También he de decir que Paquita conoce muy bien la comarca en donde vivo, así como Barcelona. Es un honor.

¡Que llegues pronto a 3200 más!

Molt petons d’en Lluís


----------



## Víctor Pérez

¡Felicidades *Paquita*!
Déjame que te diga que pese al aspecto severo de tu avatar -sonrisa circunspecta, mirada inquisidora y gafas de concha- y tus mensajes "telegráficos=cortos=severos=eficientes=es lo que hay" de los que es imposible desvincular tantos años "enseñando=batallando=disfrutando", creo que se esconde una persona sensible, tímida, honesta, entusiasta y perseverante...
¡Gracias por estar ahí!


----------



## Tina.Irun

Felicidades/Félicitations à notre chère Limousine                                               (et oui, elle n´habite pas n´importe où Paquit&!).

Que dire de celle qui a réponse à tout.

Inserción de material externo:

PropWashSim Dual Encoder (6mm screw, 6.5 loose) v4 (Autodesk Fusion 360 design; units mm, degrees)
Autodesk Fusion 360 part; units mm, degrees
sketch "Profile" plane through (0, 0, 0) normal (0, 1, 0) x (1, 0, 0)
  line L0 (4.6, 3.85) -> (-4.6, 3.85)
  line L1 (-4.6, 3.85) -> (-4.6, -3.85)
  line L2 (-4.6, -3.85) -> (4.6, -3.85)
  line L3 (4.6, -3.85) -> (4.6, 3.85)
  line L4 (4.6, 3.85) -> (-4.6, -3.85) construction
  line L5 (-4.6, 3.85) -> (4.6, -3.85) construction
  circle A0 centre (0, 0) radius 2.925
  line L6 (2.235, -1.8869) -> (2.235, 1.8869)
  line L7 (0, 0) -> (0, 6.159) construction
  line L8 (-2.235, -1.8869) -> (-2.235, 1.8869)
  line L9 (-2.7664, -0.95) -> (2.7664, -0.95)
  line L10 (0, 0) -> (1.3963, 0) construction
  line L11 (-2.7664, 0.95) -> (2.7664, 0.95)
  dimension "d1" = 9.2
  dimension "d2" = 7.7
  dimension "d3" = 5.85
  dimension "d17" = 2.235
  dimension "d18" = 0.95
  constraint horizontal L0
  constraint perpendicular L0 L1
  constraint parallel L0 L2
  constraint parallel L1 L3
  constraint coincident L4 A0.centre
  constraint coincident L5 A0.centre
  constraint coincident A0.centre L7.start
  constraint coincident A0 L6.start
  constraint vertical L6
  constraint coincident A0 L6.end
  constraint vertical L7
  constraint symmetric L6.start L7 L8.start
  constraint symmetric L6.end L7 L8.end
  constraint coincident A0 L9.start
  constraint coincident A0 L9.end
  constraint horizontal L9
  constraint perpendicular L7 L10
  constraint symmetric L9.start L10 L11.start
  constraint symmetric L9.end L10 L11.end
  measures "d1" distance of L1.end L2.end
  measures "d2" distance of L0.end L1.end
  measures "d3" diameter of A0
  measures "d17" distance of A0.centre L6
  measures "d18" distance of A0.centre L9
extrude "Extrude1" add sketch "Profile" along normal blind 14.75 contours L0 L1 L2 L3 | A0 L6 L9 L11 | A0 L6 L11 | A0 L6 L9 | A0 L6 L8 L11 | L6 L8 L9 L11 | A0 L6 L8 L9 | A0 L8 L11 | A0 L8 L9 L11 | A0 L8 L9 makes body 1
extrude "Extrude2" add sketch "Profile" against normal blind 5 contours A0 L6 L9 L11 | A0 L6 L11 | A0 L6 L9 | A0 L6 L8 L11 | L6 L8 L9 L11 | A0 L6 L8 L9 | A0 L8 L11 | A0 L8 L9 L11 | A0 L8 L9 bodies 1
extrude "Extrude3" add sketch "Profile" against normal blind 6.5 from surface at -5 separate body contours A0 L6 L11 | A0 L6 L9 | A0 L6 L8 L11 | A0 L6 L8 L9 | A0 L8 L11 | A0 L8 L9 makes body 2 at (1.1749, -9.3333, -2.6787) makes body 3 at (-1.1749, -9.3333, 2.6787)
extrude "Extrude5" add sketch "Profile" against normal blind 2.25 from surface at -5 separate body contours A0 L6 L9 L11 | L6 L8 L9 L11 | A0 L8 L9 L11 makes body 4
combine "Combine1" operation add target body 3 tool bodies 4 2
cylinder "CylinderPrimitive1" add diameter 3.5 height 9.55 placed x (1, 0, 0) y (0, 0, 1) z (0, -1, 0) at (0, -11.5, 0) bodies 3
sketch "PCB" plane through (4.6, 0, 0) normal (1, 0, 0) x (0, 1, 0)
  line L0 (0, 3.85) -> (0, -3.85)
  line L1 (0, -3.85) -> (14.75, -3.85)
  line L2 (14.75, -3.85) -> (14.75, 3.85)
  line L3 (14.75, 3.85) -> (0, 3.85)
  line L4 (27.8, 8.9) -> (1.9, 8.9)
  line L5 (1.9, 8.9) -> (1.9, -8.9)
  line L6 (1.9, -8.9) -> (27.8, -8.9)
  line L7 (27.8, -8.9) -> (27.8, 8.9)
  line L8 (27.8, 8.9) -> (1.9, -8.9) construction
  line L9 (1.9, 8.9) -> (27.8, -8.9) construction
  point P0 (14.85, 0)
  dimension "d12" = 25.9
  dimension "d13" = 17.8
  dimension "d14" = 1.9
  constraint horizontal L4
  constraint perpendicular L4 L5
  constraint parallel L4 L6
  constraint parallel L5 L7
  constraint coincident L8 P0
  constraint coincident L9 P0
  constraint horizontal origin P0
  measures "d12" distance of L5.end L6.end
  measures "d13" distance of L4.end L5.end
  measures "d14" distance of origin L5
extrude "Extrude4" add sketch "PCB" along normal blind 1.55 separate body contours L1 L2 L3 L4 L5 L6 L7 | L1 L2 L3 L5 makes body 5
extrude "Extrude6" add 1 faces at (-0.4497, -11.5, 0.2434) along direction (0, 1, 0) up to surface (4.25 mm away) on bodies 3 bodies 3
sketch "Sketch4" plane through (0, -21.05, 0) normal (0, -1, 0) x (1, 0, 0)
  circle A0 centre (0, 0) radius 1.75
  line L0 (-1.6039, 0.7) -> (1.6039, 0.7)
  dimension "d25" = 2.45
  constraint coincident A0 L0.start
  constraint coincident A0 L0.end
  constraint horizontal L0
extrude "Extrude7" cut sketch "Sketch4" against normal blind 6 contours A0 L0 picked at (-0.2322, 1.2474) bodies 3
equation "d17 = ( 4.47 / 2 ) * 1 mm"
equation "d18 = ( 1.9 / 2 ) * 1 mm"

Qui m'oblige à me lever tôt pour tenter,        en vain, de lui piquer quelques réponses! 
Vous êtes sûrs qu'ils ne sont pas deux?. Elle me rappelle un tel *Josep *qui lui ressemblait un peu (aurait-elle un frère jumeau?). S'ils travaillent à deux, ce           ne serait pas juste pour nous autres mortels qui avons déjà du mal à suivre.

_Muchos besos para Paquit& y su gemelo_
_de parte de Tina e Iglesia (mon ombre à moi)._


----------



## KaRiNe_Fr

Mais, mais, mais ! Pourquoi j'ai un K d'avance moi ?   
Pas le temps de t'en faire un autre ce soir, ça viendra plus tard... Ou alors...  Ou alors... je te sors un copier/coller de la famille « Paquitka » de derrière les fagots, ça t'irait ? 

Bon, c'est pas tout ça, mais j'en oublierais presque de t'engu te gronder moi : tu sais plus où est le forum Français Seulement, ou quoi ? C'est pourtant pas compliqué à trouver... Ou tu attends de recevoir ça ? L'espagnol, toujours l'espagnol ! Tu nous oublies ! 

Au plaisir de te relire un peu plus ! 

Bisettes.


----------



## Calamitintin

D'accord avec Karineuh, tu nous oublies ! Cela dit, bravo pour ton 1er millier de paquiposts ! Victor a déjà dit à peu près tout ce qu'on en pensait, je vais pas recommencer ! 
Bisous


----------



## Paquita

Una se acuesta tranquila y serena, sabiendo por experiencia que es inútil esperar preguntas, -un viernes por la noche, la gente suele ir de marcha y no pedir traducciones o aclaraciones en WR. A la mañana siguiente, abre las congrats para ver lo recibido por los amigos y ¡Zas ! da con un montón de mensajes escritos precisamente esta noche... ¡Qué ilusión!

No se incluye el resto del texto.